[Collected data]

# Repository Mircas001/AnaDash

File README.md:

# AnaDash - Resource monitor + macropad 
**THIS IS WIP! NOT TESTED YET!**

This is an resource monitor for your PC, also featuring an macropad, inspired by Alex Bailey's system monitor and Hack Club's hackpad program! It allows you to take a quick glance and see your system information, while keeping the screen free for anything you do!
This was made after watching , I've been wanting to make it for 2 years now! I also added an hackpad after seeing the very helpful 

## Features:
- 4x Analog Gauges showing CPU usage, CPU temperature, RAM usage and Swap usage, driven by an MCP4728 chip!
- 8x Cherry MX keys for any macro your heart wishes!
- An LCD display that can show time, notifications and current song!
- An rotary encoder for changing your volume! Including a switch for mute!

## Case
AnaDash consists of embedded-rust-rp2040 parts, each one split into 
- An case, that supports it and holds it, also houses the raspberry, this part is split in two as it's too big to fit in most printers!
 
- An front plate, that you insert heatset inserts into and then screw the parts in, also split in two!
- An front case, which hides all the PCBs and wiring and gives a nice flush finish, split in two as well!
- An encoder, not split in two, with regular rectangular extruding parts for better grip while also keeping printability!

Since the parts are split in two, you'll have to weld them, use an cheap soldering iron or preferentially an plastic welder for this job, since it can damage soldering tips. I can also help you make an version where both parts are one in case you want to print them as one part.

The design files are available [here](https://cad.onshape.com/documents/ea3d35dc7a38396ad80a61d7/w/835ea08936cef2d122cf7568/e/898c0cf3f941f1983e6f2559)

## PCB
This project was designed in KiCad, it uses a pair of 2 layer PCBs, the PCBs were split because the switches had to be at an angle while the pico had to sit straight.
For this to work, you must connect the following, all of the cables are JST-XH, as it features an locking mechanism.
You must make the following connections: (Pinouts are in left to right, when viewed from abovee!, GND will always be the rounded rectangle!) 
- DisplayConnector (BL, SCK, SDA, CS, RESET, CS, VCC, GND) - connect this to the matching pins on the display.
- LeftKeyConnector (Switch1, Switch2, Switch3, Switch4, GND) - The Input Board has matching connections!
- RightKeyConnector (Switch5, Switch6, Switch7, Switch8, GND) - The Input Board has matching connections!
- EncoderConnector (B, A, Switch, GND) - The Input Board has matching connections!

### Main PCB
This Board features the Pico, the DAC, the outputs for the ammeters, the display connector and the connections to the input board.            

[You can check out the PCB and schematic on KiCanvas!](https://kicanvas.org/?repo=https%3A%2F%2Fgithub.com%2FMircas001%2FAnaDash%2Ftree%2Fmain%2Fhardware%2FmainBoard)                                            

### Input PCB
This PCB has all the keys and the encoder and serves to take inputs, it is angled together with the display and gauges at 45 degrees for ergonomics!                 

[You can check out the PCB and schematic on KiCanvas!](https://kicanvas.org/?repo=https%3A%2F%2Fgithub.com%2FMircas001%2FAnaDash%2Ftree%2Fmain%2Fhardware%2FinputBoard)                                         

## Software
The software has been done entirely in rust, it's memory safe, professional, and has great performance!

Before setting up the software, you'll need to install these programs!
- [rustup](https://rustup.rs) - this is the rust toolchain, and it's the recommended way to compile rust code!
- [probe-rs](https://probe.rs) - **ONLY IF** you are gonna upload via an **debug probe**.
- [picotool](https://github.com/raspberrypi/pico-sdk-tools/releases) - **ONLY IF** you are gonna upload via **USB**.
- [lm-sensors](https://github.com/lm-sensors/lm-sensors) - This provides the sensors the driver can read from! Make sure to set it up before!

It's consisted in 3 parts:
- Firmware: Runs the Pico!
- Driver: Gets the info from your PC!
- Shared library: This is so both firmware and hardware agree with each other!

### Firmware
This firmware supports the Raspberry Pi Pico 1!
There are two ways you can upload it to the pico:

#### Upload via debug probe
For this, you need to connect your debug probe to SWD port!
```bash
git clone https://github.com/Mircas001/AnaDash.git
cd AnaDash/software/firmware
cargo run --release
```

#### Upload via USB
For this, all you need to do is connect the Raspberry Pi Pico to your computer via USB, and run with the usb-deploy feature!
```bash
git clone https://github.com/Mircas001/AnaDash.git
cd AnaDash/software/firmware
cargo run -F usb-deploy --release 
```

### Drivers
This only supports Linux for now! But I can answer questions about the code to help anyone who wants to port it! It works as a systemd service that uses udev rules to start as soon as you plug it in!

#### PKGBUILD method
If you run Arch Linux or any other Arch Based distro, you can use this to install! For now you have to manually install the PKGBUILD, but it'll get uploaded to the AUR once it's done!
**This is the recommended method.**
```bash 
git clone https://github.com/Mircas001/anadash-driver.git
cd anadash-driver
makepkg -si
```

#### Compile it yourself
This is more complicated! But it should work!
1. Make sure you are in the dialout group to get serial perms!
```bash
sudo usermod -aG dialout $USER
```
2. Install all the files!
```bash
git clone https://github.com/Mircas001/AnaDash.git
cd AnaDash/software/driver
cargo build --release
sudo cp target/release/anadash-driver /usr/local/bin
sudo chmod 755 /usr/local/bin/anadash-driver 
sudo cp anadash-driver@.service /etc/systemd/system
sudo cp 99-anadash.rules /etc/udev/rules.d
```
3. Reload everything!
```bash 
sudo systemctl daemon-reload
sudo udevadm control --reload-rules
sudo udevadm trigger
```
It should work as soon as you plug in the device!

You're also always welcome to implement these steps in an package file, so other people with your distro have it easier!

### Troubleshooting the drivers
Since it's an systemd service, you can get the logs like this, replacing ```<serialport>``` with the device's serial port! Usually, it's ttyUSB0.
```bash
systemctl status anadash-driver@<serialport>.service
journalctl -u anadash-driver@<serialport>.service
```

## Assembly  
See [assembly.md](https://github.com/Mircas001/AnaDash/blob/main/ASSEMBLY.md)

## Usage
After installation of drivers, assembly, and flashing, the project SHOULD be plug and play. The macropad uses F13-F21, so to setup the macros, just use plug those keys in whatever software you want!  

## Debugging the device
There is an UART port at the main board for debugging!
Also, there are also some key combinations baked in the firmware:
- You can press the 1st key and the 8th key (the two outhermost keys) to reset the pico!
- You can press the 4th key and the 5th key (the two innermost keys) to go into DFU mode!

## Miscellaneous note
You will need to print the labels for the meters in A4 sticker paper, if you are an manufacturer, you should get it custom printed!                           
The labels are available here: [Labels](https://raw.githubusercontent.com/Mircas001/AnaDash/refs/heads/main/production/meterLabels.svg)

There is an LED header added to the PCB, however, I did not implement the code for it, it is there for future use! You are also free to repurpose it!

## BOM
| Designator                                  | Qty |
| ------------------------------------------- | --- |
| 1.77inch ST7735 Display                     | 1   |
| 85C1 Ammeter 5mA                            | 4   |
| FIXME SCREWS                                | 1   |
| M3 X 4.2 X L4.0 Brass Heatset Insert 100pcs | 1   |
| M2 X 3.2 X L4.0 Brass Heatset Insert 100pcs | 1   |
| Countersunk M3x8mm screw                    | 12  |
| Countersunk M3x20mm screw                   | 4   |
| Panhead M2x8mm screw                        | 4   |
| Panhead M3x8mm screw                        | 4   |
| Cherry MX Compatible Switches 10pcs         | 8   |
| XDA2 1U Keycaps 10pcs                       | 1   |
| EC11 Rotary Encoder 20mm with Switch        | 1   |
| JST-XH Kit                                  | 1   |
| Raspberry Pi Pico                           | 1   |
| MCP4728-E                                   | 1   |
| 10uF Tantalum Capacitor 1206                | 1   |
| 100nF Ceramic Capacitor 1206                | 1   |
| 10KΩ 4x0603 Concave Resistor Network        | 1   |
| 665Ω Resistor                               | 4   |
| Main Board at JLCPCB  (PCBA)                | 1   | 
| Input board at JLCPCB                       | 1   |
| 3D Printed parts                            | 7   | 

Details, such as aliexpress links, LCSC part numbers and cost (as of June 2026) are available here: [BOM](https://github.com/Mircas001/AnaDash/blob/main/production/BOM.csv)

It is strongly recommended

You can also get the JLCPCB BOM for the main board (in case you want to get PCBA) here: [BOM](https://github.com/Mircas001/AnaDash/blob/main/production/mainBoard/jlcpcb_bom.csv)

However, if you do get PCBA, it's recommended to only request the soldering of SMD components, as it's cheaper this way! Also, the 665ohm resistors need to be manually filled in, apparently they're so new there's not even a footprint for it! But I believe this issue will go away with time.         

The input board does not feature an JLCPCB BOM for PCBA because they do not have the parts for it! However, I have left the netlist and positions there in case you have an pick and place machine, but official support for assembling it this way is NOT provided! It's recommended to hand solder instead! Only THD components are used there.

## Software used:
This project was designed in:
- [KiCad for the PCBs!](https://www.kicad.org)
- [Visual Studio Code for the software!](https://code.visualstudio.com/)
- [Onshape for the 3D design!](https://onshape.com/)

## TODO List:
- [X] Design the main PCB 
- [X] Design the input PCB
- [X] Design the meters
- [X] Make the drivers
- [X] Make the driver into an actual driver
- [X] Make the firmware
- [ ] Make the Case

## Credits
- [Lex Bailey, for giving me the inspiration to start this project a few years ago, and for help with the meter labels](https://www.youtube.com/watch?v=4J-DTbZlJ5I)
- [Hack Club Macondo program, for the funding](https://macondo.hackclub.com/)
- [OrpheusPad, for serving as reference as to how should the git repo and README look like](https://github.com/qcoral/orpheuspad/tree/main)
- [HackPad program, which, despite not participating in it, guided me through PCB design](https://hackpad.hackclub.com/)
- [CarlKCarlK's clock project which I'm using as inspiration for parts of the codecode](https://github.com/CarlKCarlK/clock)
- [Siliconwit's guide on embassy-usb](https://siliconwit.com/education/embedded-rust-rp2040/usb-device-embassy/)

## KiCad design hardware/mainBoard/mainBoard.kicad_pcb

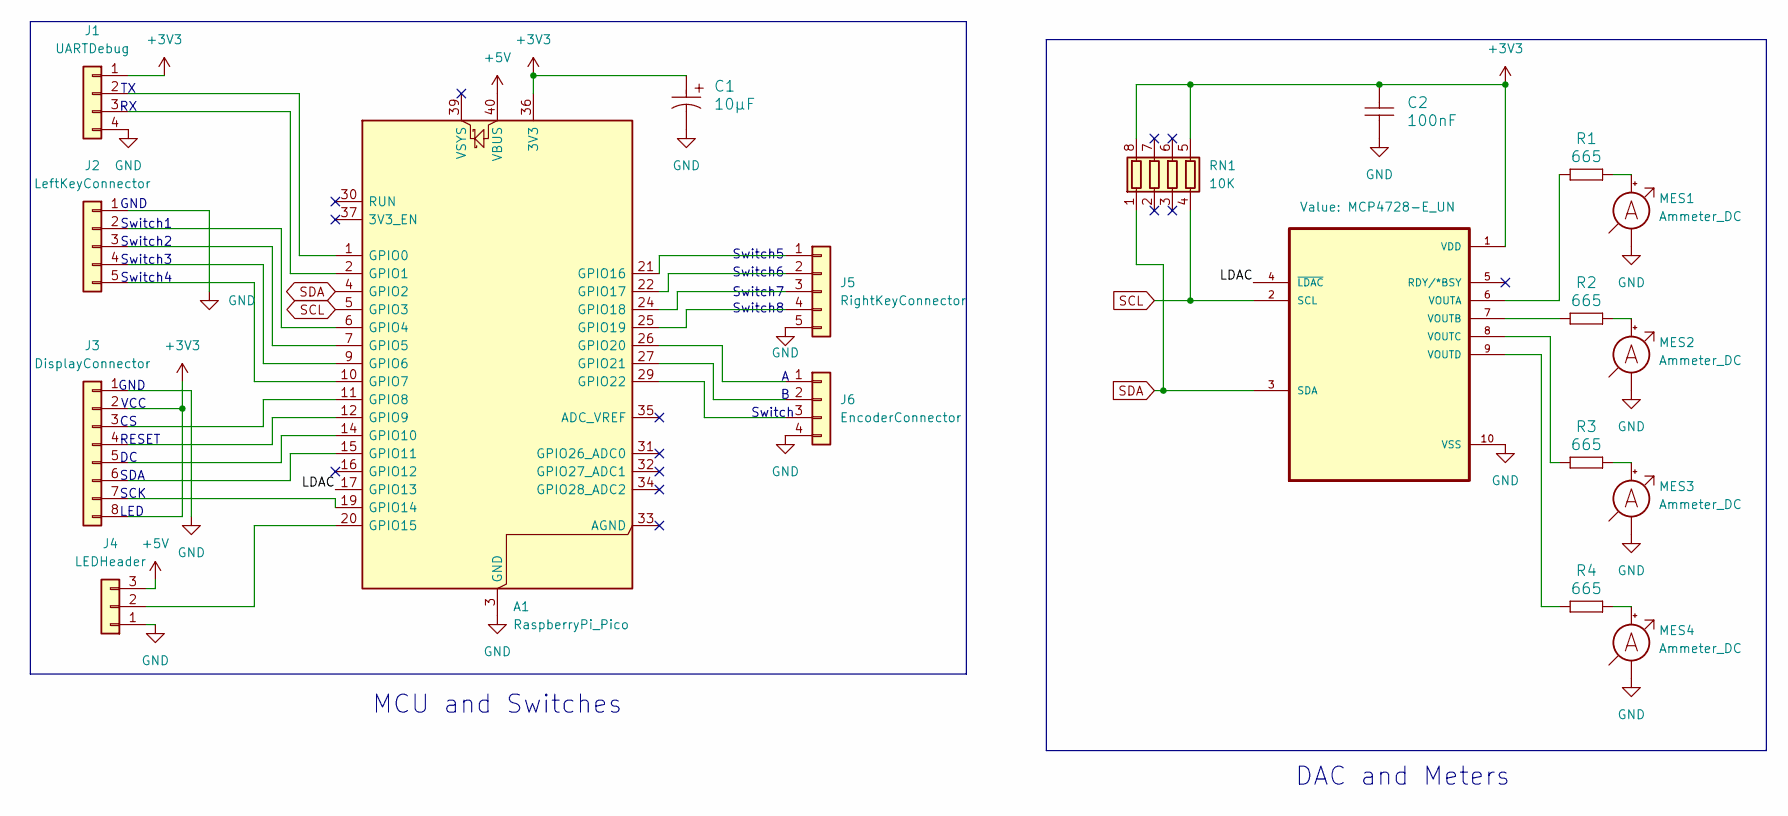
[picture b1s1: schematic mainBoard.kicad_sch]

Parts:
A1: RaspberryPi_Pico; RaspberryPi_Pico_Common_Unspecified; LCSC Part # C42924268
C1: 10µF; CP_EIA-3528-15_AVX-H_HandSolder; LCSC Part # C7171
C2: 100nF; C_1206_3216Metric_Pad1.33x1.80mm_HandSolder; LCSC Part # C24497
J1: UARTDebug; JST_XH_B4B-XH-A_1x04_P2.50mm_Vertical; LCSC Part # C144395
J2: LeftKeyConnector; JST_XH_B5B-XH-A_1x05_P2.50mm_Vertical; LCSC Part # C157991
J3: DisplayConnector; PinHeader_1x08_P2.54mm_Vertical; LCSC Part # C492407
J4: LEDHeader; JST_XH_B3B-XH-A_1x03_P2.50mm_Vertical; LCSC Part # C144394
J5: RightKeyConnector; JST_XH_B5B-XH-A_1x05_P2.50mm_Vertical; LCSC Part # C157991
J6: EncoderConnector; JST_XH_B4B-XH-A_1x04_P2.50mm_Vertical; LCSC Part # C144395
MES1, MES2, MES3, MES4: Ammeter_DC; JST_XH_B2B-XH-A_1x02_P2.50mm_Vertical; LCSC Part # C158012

- **ACTIVITY**: Each line of the data that contains "free" belongs in the answer.

- **ANSWER TO THE EXERCISE**:
This is an resource monitor for your PC, also featuring an macropad, inspired by Alex Bailey's system monitor and Hack Club's hackpad program! It allows you to take a quick glance and see your system information, while keeping the screen free for anything you do!
There is an LED header added to the PCB, however, I did not implement the code for it, it is there for future use! You are also free to repurpose it!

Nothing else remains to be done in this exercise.